C’est ce qui a été traduit dans le décret du 2 novembre 2017 relatif à la reconnaissance des qualifications professionnelles dans le domaine de la santé.
Tout en respectant le droit à la libre circulation des ressortissants européens, le décret dispose en effet, dans le but de garantir la qualité et la sécurité des soins, que les avis que les commissions d’autorisation d’exercice et les ordres seront appelés à émettre porteront notamment sur les points suivants : premièrement, l’identification précise et strictement délimitée du champ d’exercice ou des actes que les professionnels seront autorisés à réaliser sous le régime de l’accès partiel ; deuxièmement, la description de l’intégration effective de ces actes dans le processus de soins et leur incidence éventuelle sur la continuité de la prise en charge ; troisièmement, la lisibilité des actes réalisés sous le régime de l’accès partiel, pour les professionnels de santé comme pour les usagers du système de santé ; quatrièmement, toute recommandation de nature à faciliter la bonne insertion du professionnel auquel l’autorisation d’exercice partiel serait accordée.
La rédaction de ce décret a été, vous l’aurez compris, animée par la motivation de garantir la qualité et la sécurité des soins, ainsi que l’information des professionnels de santé comme des usagers du système de santé.

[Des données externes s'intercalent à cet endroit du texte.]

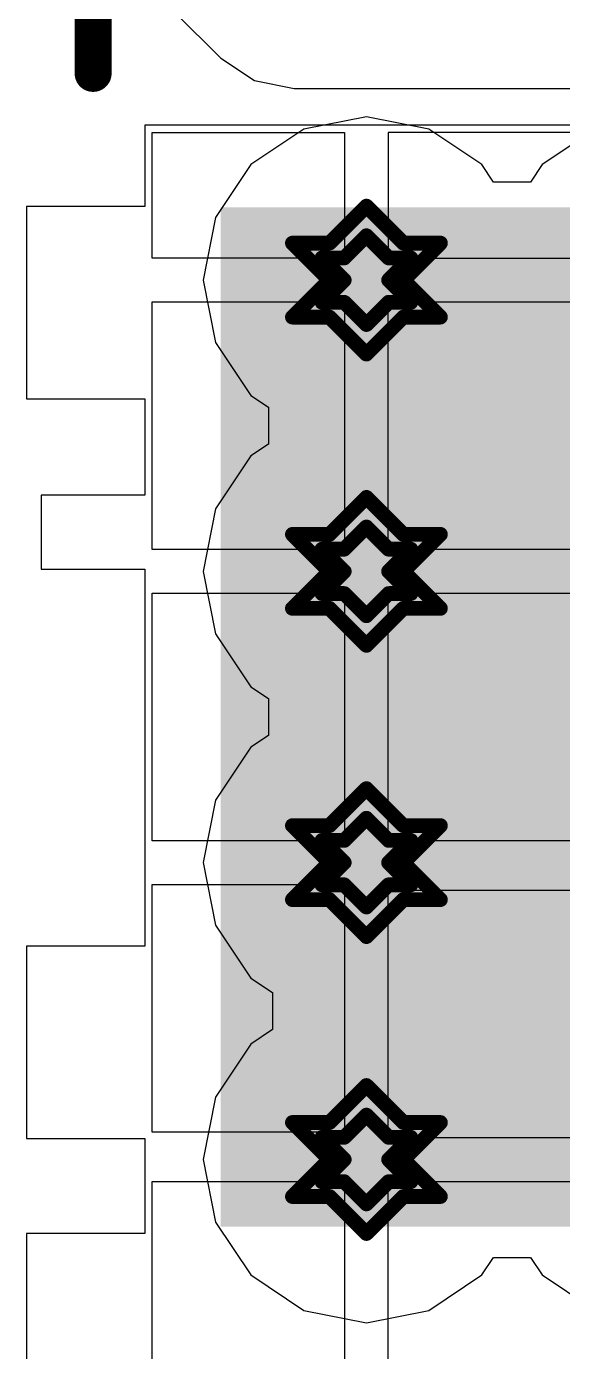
# Model space of a CAD drawing. Header units: millimetres. Extents: x 5 to 399, y 5 to 287.
# Drawn here: x 208.13 to 209.97, y 158.764 to 163.313 of the extents above; entities that cross this region are included whole.
import ezdxf

# ---------------------------------------------------------------- set-up
doc = ezdxf.new("R2010")
doc.units = ezdxf.units.MM
for name, color, linetype in [('DrillDrawing', 1, 'Continuous'), ('MidLayer1', 16, 'Continuous'), ('MidLayer2', 76, 'Continuous'), ('TopLayer', 1, 'Continuous'), ('TopOverlay', 2, 'Continuous'), ('TopPaste', 8, 'Continuous'), ('TopSolder', 216, 'Continuous')]:
    doc.layers.add(name, color=color, linetype=linetype)

# ---------------------------------------------------------------- blocks, each defined once
blk = doc.blocks.new('PQFN_8_MULTI_291')
at = {"layer": 'TopLayer'}
for p, q in [((2.667, 1.7732), (2.667, 2.586)), ((2.2606, 1.4478), (2.2606, 1.7732)), ((2.2606, 1.7732), (2.667, 1.7732)), ((2.667, 1.4478), (2.2606, 1.4478)), ((2.667, 0.7874), (2.667, 1.4478)), ((2.2606, -0.508), (2.2606, 0.7874)), ((2.2606, 0.7874), (2.667, 0.7874)), ((2.6162, -0.508), (2.2606, -0.508)), ((2.6162, -0.762), (2.6162, -0.508)), ((2.2606, -1.0922), (2.2606, -0.762)), ((2.2606, -0.762), (2.6162, -0.762)), ((2.667, -1.0922), (2.2606, -1.0922)), ((2.667, -1.7526), (2.667, -1.0922)), ((2.2605, -2.032), (2.2605, -1.7526)), ((2.2605, -1.7526), (2.667, -1.7526)), ((-2.2605, -2.032), (2.2605, -2.032))]:
    blk.add_line(p, q, dxfattribs=at)
blk.add_solid([(-2, -1.75), (2, -1.75), (-2, 1.75), (2, 1.75)], dxfattribs=at)
at = {"layer": 'TopOverlay', "const_width": 0.127}
blk.add_lwpolyline([(2.4384, -2.2098), (2.4384, -2.667)], dxfattribs=at)
at = {"layer": 'TopOverlay', "const_width": 0.0635}
blk.add_lwpolyline([(2.4066, -2.2098, 1), (2.4701, -2.2098, 1)], format="xyb", close=True, dxfattribs=at)
at = {"layer": 'TopPaste'}
for p, q in [((1.425, 2.4444), (1.425, 1.5944)), ((1.575, 1.5944), (1.575, 2.4444)), ((2.2352, 2.4444), (2.2352, 1.5944)), ((1.425, 1.5944), (0.575, 1.5944)), ((2.2352, 1.5944), (1.575, 1.5944)), ((0.575, 1.4444), (1.425, 1.4444)), ((1.425, 1.4444), (1.425, 0.5944)), ((1.575, 0.575), (1.575, 1.425)), ((1.575, 1.425), (2.2352, 1.425)), ((2.2352, 1.425), (2.2352, 0.575)), ((1.425, 0.5944), (0.575, 0.5944)), ((2.2352, 0.575), (1.575, 0.575)), ((0.575, 0.425), (1.425, 0.425)), ((1.425, 0.425), (1.425, -0.425)), ((1.575, -0.425), (1.575, 0.425)), ((1.575, 0.425), (2.2352, 0.425)), ((2.2352, 0.425), (2.2352, -0.425)), ((1.425, -0.425), (0.575, -0.425)), ((2.2352, -0.425), (1.575, -0.425)), ((0.575, -0.575), (1.425, -0.575)), ((1.425, -0.575), (1.425, -1.425)), ((1.575, -1.425), (1.575, -0.575)), ((1.575, -0.575), (2.2352, -0.575)), ((2.2352, -0.575), (2.2352, -1.425)), ((1.425, -1.425), (0.575, -1.425)), ((2.2352, -1.425), (1.575, -1.425)), ((1.425, -1.575), (0.575, -1.575)), ((1.425, -2.0066), (1.425, -1.575)), ((1.575, -2.0066), (1.575, -1.575)), ((1.575, -1.575), (2.2352, -1.575)), ((2.2352, -1.575), (2.2352, -2.0066)), ((0.575, -2.0066), (1.425, -2.0066)), ((2.2352, -2.0066), (1.575, -2.0066))]:
    blk.add_line(p, q, dxfattribs=at)
at = {"layer": 'TopSolder'}
blk.add_solid([(-2, -1.75), (2, -1.75), (-2, 1.75), (2, 1.75)], dxfattribs=at)

msp = doc.modelspace()

# ---------------------------------------------------------------- linework, layer by layer
at = {"layer": 'DrillDrawing', "const_width": 0.0508}
for points in [[(209.17, 162.5696), (209.297, 162.6966)], [(209.297, 162.6966), (209.424, 162.5696)], [(209.2208, 162.5188), (209.297, 162.595)], [(209.297, 162.595), (209.3732, 162.5188)], [(209.043, 162.5696), (209.17, 162.4426)], [(209.043, 162.5696), (209.17, 162.5696)], [(209.424, 162.5696), (209.551, 162.5696)], [(209.424, 162.4426), (209.551, 162.5696)], [(209.1446, 162.5188), (209.2208, 162.4426)], [(209.1446, 162.5188), (209.2208, 162.5188)], [(209.3732, 162.5188), (209.4494, 162.5188)], [(209.3732, 162.4426), (209.4494, 162.5188)], [(209.043, 162.3156), (209.17, 162.4426)], [(209.1446, 162.3664), (209.2208, 162.4426)], [(209.3732, 162.4426), (209.4494, 162.3664)], [(209.424, 162.4426), (209.551, 162.3156)], [(209.1446, 162.3664), (209.2208, 162.3664)], [(209.2208, 162.3664), (209.297, 162.2902)], [(209.297, 162.2902), (209.3732, 162.3664)], [(209.3732, 162.3664), (209.4494, 162.3664)], [(209.043, 162.3156), (209.17, 162.3156)], [(209.17, 162.3156), (209.297, 162.1886)], [(209.297, 162.1886), (209.424, 162.3156)], [(209.424, 162.3156), (209.551, 162.3156)], [(209.17, 161.5696), (209.297, 161.6966)], [(209.297, 161.6966), (209.424, 161.5696)], [(209.043, 161.5696), (209.17, 161.4426)], [(209.043, 161.5696), (209.17, 161.5696)], [(209.2208, 161.5188), (209.297, 161.595)], [(209.297, 161.595), (209.3732, 161.5188)], [(209.424, 161.5696), (209.551, 161.5696)], [(209.424, 161.4426), (209.551, 161.5696)], [(209.1446, 161.5188), (209.2208, 161.4426)], [(209.1446, 161.5188), (209.2208, 161.5188)], [(209.3732, 161.5188), (209.4494, 161.5188)], [(209.3732, 161.4426), (209.4494, 161.5188)], [(209.043, 161.3156), (209.17, 161.4426)], [(209.1446, 161.3664), (209.2208, 161.4426)], [(209.3732, 161.4426), (209.4494, 161.3664)], [(209.424, 161.4426), (209.551, 161.3156)], [(209.1446, 161.3664), (209.2208, 161.3664)], [(209.2208, 161.3664), (209.297, 161.2902)], [(209.297, 161.2902), (209.3732, 161.3664)], [(209.3732, 161.3664), (209.4494, 161.3664)], [(209.043, 161.3156), (209.17, 161.3156)], [(209.17, 161.3156), (209.297, 161.1886)], [(209.297, 161.1886), (209.424, 161.3156)], [(209.424, 161.3156), (209.551, 161.3156)], [(209.17, 160.5696), (209.297, 160.6966)], [(209.297, 160.6966), (209.424, 160.5696)], [(209.043, 160.5696), (209.17, 160.4426)], [(209.043, 160.5696), (209.17, 160.5696)], [(209.2208, 160.5188), (209.297, 160.595)], [(209.297, 160.595), (209.3732, 160.5188)], [(209.424, 160.5696), (209.551, 160.5696)], [(209.424, 160.4426), (209.551, 160.5696)], [(209.1446, 160.5188), (209.2208, 160.4426)], [(209.1446, 160.5188), (209.2208, 160.5188)], [(209.3732, 160.5188), (209.4494, 160.5188)], [(209.3732, 160.4426), (209.4494, 160.5188)], [(209.043, 160.3156), (209.17, 160.4426)], [(209.1446, 160.3664), (209.2208, 160.4426)], [(209.3732, 160.4426), (209.4494, 160.3664)], [(209.424, 160.4426), (209.551, 160.3156)], [(209.1446, 160.3664), (209.2208, 160.3664)], [(209.2208, 160.3664), (209.297, 160.2902)], [(209.297, 160.2902), (209.3732, 160.3664)], [(209.3732, 160.3664), (209.4494, 160.3664)], [(209.043, 160.3156), (209.17, 160.3156)], [(209.17, 160.3156), (209.297, 160.1886)], [(209.297, 160.1886), (209.424, 160.3156)], [(209.424, 160.3156), (209.551, 160.3156)], [(209.17, 159.5502), (209.297, 159.6772)], [(209.297, 159.6772), (209.424, 159.5502)], [(209.2208, 159.4994), (209.297, 159.5756)], [(209.297, 159.5756), (209.3732, 159.4994)], [(209.043, 159.5502), (209.17, 159.4232)], [(209.043, 159.5502), (209.17, 159.5502)], [(209.424, 159.5502), (209.551, 159.5502)], [(209.424, 159.4232), (209.551, 159.5502)], [(209.1446, 159.4994), (209.2208, 159.4232)], [(209.1446, 159.4994), (209.2208, 159.4994)], [(209.3732, 159.4994), (209.4494, 159.4994)], [(209.3732, 159.4232), (209.4494, 159.4994)], [(209.043, 159.2962), (209.17, 159.4232)], [(209.1446, 159.347), (209.2208, 159.4232)], [(209.3732, 159.4232), (209.4494, 159.347)], [(209.424, 159.4232), (209.551, 159.2962)], [(209.1446, 159.347), (209.2208, 159.347)], [(209.2208, 159.347), (209.297, 159.2708)], [(209.297, 159.2708), (209.3732, 159.347)], [(209.3732, 159.347), (209.4494, 159.347)], [(209.043, 159.2962), (209.17, 159.2962)], [(209.17, 159.2962), (209.297, 159.1692)], [(209.297, 159.1692), (209.424, 159.2962)], [(209.424, 159.2962), (209.551, 159.2962)]]:
    msp.add_lwpolyline(points, dxfattribs=at)
at = {"layer": 'DrillDrawing', "const_width": 0.0254}
for points in [[(209.2843, 162.6966, 1), (209.3097, 162.6966, 1)], [(209.2843, 162.6966, 1), (209.3097, 162.6966, 1)], [(209.2843, 162.595, 1), (209.3097, 162.595, 1)], [(209.2843, 162.595, 1), (209.3097, 162.595, 1)], [(209.0303, 162.5696, 1), (209.0557, 162.5696, 1)], [(209.0303, 162.5696, 1), (209.0557, 162.5696, 1)], [(209.1573, 162.5696, 1), (209.1827, 162.5696, 1)], [(209.1573, 162.5696, 1), (209.1827, 162.5696, 1)], [(209.4113, 162.5696, 1), (209.4367, 162.5696, 1)], [(209.4113, 162.5696, 1), (209.4367, 162.5696, 1)], [(209.5383, 162.5696, 1), (209.5637, 162.5696, 1)], [(209.5383, 162.5696, 1), (209.5637, 162.5696, 1)], [(209.1319, 162.5188, 1), (209.1573, 162.5188, 1)], [(209.1319, 162.5188, 1), (209.1573, 162.5188, 1)], [(209.2081, 162.5188, 1), (209.2335, 162.5188, 1)], [(209.2081, 162.5188, 1), (209.2335, 162.5188, 1)], [(209.3605, 162.5188, 1), (209.3859, 162.5188, 1)], [(209.3605, 162.5188, 1), (209.3859, 162.5188, 1)], [(209.4367, 162.5188, 1), (209.4621, 162.5188, 1)], [(209.4367, 162.5188, 1), (209.4621, 162.5188, 1)], [(209.1573, 162.4426, 1), (209.1827, 162.4426, 1)], [(209.1573, 162.4426, 1), (209.1827, 162.4426, 1)], [(209.2081, 162.4426, 1), (209.2335, 162.4426, 1)], [(209.2081, 162.4426, 1), (209.2335, 162.4426, 1)], [(209.3605, 162.4426, 1), (209.3859, 162.4426, 1)], [(209.3605, 162.4426, 1), (209.3859, 162.4426, 1)], [(209.4113, 162.4426, 1), (209.4367, 162.4426, 1)], [(209.4113, 162.4426, 1), (209.4367, 162.4426, 1)], [(209.1319, 162.3664, 1), (209.1573, 162.3664, 1)], [(209.1319, 162.3664, 1), (209.1573, 162.3664, 1)], [(209.2081, 162.3664, 1), (209.2335, 162.3664, 1)], [(209.2081, 162.3664, 1), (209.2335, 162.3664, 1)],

Comme je m’y étais engagée devant les deux assemblées, je vous confirme par ailleurs que j’ai sollicité la Commission européenne afin d’obtenir une cartographie des professions de santé existantes dans l’Union européenne.
La nouveauté induite par le déploiement du mécanisme d’exercice partiel au sein des pays de l’Union justifie en effet de disposer d’un tel état des lieux permettant d’identifier, pour chaque système national de santé, les périmètres d’exercice des professionnels susceptibles de solliciter une reconnaissance d’accès partiel.
Madame la présidente, mesdames, messieurs les sénateurs, tels étaient les éléments les plus importants que je souhaitais porter à votre connaissance sur la dimension qui demeure la plus sensible de l’ordonnance objet du présent projet de loi de ratification qui vous est soumis.
Vous comprendrez, dans ces conditions, que je ne puisse pas être favorable à la version du projet de loi issue des travaux de votre commission des affaires sociales, supprimant les références à l’accès partiel.
Mais vous aurez aussi compris, je l’espère, que, en lien étroit avec les professionnels du système de santé, je serai particulièrement attentive au suivi et à l’évaluation de la mise en œuvre de ces dispositifs, afin de garantir, dans cette matière comme dans d’autres, la qualité et la sécurité des soins dispensés par notre système de santé.